*PROBLEM REQUIREMENTS*:
Output only the entries, exactly as given, without the pictures.

*GIVEN RECORDS*:
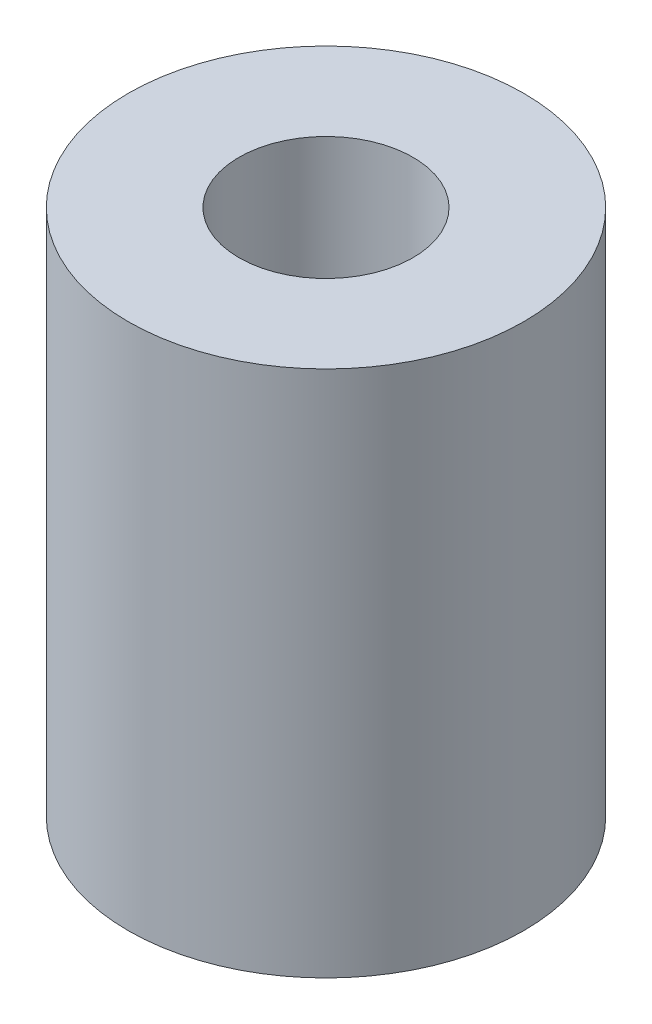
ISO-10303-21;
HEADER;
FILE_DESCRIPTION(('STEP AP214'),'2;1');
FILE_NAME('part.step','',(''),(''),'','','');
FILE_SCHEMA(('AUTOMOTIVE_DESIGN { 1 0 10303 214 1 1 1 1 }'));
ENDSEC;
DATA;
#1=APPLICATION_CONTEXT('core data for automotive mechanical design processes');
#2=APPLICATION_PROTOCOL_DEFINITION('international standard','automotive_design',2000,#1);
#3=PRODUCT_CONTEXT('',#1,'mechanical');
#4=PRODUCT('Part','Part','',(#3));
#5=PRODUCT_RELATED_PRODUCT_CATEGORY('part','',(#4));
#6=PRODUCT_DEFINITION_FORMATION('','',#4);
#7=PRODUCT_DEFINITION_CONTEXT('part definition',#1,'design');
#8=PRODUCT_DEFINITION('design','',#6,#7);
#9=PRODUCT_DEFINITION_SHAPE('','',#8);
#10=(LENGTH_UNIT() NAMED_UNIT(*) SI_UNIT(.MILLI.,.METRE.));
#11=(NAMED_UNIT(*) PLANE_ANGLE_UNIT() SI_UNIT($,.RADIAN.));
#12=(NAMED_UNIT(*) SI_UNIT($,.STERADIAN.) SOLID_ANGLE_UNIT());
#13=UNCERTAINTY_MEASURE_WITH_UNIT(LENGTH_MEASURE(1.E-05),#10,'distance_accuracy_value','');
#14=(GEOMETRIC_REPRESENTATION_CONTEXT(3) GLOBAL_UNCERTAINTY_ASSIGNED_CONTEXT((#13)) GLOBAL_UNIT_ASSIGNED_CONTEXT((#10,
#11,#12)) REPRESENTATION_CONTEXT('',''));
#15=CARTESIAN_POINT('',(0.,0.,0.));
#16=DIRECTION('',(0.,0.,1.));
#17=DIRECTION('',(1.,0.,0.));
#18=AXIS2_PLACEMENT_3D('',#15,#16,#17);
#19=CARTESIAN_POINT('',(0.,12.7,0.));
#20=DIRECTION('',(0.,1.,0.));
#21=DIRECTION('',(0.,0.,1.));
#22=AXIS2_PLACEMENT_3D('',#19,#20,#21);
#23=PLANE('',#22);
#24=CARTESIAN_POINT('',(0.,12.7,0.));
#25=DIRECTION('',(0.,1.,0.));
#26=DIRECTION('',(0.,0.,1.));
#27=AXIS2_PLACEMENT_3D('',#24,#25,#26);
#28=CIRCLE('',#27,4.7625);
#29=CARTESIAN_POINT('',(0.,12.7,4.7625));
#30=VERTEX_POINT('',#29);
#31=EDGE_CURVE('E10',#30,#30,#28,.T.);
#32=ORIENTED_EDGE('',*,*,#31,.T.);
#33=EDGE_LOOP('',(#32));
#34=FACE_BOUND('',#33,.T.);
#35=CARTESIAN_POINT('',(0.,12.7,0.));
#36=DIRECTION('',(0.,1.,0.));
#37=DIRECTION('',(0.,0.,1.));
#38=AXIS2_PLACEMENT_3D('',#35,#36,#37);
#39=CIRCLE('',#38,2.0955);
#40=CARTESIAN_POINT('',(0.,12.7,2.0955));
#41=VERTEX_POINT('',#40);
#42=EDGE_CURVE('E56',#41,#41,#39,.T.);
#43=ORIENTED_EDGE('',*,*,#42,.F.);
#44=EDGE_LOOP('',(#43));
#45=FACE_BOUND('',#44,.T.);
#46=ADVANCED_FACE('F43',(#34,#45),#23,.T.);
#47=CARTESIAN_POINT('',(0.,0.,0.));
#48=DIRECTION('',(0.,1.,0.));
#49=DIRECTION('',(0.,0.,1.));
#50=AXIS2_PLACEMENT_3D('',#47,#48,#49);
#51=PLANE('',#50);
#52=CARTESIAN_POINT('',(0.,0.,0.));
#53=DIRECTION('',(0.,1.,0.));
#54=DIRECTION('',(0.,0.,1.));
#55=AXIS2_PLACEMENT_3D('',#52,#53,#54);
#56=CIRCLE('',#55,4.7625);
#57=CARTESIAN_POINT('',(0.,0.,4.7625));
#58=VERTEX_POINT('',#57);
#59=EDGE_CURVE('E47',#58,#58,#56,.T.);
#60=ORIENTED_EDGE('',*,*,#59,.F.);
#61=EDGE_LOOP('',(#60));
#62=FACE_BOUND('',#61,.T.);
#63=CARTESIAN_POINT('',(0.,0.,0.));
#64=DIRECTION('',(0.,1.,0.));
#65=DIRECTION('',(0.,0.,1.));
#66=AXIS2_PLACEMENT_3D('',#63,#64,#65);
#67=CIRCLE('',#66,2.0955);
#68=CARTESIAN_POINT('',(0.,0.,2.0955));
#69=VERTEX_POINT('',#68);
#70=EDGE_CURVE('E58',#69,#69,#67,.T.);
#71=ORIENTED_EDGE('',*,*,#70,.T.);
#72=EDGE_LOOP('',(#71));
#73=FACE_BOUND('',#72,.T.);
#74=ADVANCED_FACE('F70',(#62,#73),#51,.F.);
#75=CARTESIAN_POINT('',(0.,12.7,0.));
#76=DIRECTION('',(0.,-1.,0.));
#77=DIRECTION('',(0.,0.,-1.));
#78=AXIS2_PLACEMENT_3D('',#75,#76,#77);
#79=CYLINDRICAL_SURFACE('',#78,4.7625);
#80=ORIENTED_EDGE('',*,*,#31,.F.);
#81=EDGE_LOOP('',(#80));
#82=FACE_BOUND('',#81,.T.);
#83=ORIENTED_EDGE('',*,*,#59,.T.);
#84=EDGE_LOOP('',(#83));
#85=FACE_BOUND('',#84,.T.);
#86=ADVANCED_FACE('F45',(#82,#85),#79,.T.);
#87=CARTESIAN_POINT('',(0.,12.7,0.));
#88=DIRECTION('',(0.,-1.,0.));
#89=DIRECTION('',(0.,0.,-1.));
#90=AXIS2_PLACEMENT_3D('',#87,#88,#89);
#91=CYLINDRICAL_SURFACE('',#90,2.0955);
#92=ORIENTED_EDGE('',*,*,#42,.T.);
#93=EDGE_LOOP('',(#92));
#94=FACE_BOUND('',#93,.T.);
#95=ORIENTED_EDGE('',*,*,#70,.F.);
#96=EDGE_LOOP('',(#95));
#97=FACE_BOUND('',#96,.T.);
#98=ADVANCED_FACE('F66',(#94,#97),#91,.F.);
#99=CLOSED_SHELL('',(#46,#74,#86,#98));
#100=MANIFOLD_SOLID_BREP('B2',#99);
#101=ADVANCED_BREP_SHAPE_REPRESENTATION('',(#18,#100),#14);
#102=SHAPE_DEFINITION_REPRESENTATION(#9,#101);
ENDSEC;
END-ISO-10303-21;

*FINAL ANSWER*:
ISO-10303-21;
HEADER;
FILE_DESCRIPTION(('STEP AP214'),'2;1');
FILE_NAME('part.step','',(''),(''),'','','');
FILE_SCHEMA(('AUTOMOTIVE_DESIGN { 1 0 10303 214 1 1 1 1 }'));
ENDSEC;
DATA;
#1=APPLICATION_CONTEXT('core data for automotive mechanical design processes');
#2=APPLICATION_PROTOCOL_DEFINITION('international standard','automotive_design',2000,#1);
#3=PRODUCT_CONTEXT('',#1,'mechanical');
#4=PRODUCT('Part','Part','',(#3));
#5=PRODUCT_RELATED_PRODUCT_CATEGORY('part','',(#4));
#6=PRODUCT_DEFINITION_FORMATION('','',#4);
#7=PRODUCT_DEFINITION_CONTEXT('part definition',#1,'design');
#8=PRODUCT_DEFINITION('design','',#6,#7);
#9=PRODUCT_DEFINITION_SHAPE('','',#8);
#10=(LENGTH_UNIT() NAMED_UNIT(*) SI_UNIT(.MILLI.,.METRE.));
#11=(NAMED_UNIT(*) PLANE_ANGLE_UNIT() SI_UNIT($,.RADIAN.));
#12=(NAMED_UNIT(*) SI_UNIT($,.STERADIAN.) SOLID_ANGLE_UNIT());
#13=UNCERTAINTY_MEASURE_WITH_UNIT(LENGTH_MEASURE(1.E-05),#10,'distance_accuracy_value','');
#14=(GEOMETRIC_REPRESENTATION_CONTEXT(3) GLOBAL_UNCERTAINTY_ASSIGNED_CONTEXT((#13)) GLOBAL_UNIT_ASSIGNED_CONTEXT((#10,
#11,#12)) REPRESENTATION_CONTEXT('',''));
#15=CARTESIAN_POINT('',(0.,0.,0.));
#16=DIRECTION('',(0.,0.,1.));
#17=DIRECTION('',(1.,0.,0.));
#18=AXIS2_PLACEMENT_3D('',#15,#16,#17);
#19=CARTESIAN_POINT('',(0.,12.7,0.));
#20=DIRECTION('',(0.,1.,0.));
#21=DIRECTION('',(0.,0.,1.));
#22=AXIS2_PLACEMENT_3D('',#19,#20,#21);
#23=PLANE('',#22);
#24=CARTESIAN_POINT('',(0.,12.7,0.));
#25=DIRECTION('',(0.,1.,0.));
#26=DIRECTION('',(0.,0.,1.));
#27=AXIS2_PLACEMENT_3D('',#24,#25,#26);
#28=CIRCLE('',#27,4.7625);
#29=CARTESIAN_POINT('',(0.,12.7,4.7625));
#30=VERTEX_POINT('',#29);
#31=EDGE_CURVE('E10',#30,#30,#28,.T.);
#32=ORIENTED_EDGE('',*,*,#31,.T.);
#33=EDGE_LOOP('',(#32));
#34=FACE_BOUND('',#33,.T.);
#35=CARTESIAN_POINT('',(0.,12.7,0.));
#36=DIRECTION('',(0.,1.,0.));
#37=DIRECTION('',(0.,0.,1.));
#38=AXIS2_PLACEMENT_3D('',#35,#36,#37);
#39=CIRCLE('',#38,2.0955);
#40=CARTESIAN_POINT('',(0.,12.7,2.0955));
#41=VERTEX_POINT('',#40);
#42=EDGE_CURVE('E56',#41,#41,#39,.T.);
#43=ORIENTED_EDGE('',*,*,#42,.F.);
#44=EDGE_LOOP('',(#43));
#45=FACE_BOUND('',#44,.T.);
#46=ADVANCED_FACE('F43',(#34,#45),#23,.T.);
#47=CARTESIAN_POINT('',(0.,0.,0.));
#48=DIRECTION('',(0.,1.,0.));
#49=DIRECTION('',(0.,0.,1.));
#50=AXIS2_PLACEMENT_3D('',#47,#48,#49);
#51=PLANE('',#50);
#52=CARTESIAN_POINT('',(0.,0.,0.));
#53=DIRECTION('',(0.,1.,0.));
#54=DIRECTION('',(0.,0.,1.));
#55=AXIS2_PLACEMENT_3D('',#52,#53,#54);
#56=CIRCLE('',#55,4.7625);
#57=CARTESIAN_POINT('',(0.,0.,4.7625));
#58=VERTEX_POINT('',#57);
#59=EDGE_CURVE('E47',#58,#58,#56,.T.);
#60=ORIENTED_EDGE('',*,*,#59,.F.);
#61=EDGE_LOOP('',(#60));
#62=FACE_BOUND('',#61,.T.);
#63=CARTESIAN_POINT('',(0.,0.,0.));
#64=DIRECTION('',(0.,1.,0.));
#65=DIRECTION('',(0.,0.,1.));
#66=AXIS2_PLACEMENT_3D('',#63,#64,#65);
#67=CIRCLE('',#66,2.0955);
#68=CARTESIAN_POINT('',(0.,0.,2.0955));
#69=VERTEX_POINT('',#68);
#70=EDGE_CURVE('E58',#69,#69,#67,.T.);
#71=ORIENTED_EDGE('',*,*,#70,.T.);
#72=EDGE_LOOP('',(#71));
#73=FACE_BOUND('',#72,.T.);
#74=ADVANCED_FACE('F70',(#62,#73),#51,.F.);
#75=CARTESIAN_POINT('',(0.,12.7,0.));
#76=DIRECTION('',(0.,-1.,0.));
#77=DIRECTION('',(0.,0.,-1.));
#78=AXIS2_PLACEMENT_3D('',#75,#76,#77);
#79=CYLINDRICAL_SURFACE('',#78,4.7625);
#80=ORIENTED_EDGE('',*,*,#31,.F.);
#81=EDGE_LOOP('',(#80));
#82=FACE_BOUND('',#81,.T.);
#83=ORIENTED_EDGE('',*,*,#59,.T.);
#84=EDGE_LOOP('',(#83));
#85=FACE_BOUND('',#84,.T.);
#86=ADVANCED_FACE('F45',(#82,#85),#79,.T.);
#87=CARTESIAN_POINT('',(0.,12.7,0.));
#88=DIRECTION('',(0.,-1.,0.));
#89=DIRECTION('',(0.,0.,-1.));
#90=AXIS2_PLACEMENT_3D('',#87,#88,#89);
#91=CYLINDRICAL_SURFACE('',#90,2.0955);
#92=ORIENTED_EDGE('',*,*,#42,.T.);
#93=EDGE_LOOP('',(#92));
#94=FACE_BOUND('',#93,.T.);
#95=ORIENTED_EDGE('',*,*,#70,.F.);
#96=EDGE_LOOP('',(#95));
#97=FACE_BOUND('',#96,.T.);
#98=ADVANCED_FACE('F66',(#94,#97),#91,.F.);
#99=CLOSED_SHELL('',(#46,#74,#86,#98));
#100=MANIFOLD_SOLID_BREP('B2',#99);
#101=ADVANCED_BREP_SHAPE_REPRESENTATION('',(#18,#100),#14);
#102=SHAPE_DEFINITION_REPRESENTATION(#9,#101);
ENDSEC;
END-ISO-10303-21;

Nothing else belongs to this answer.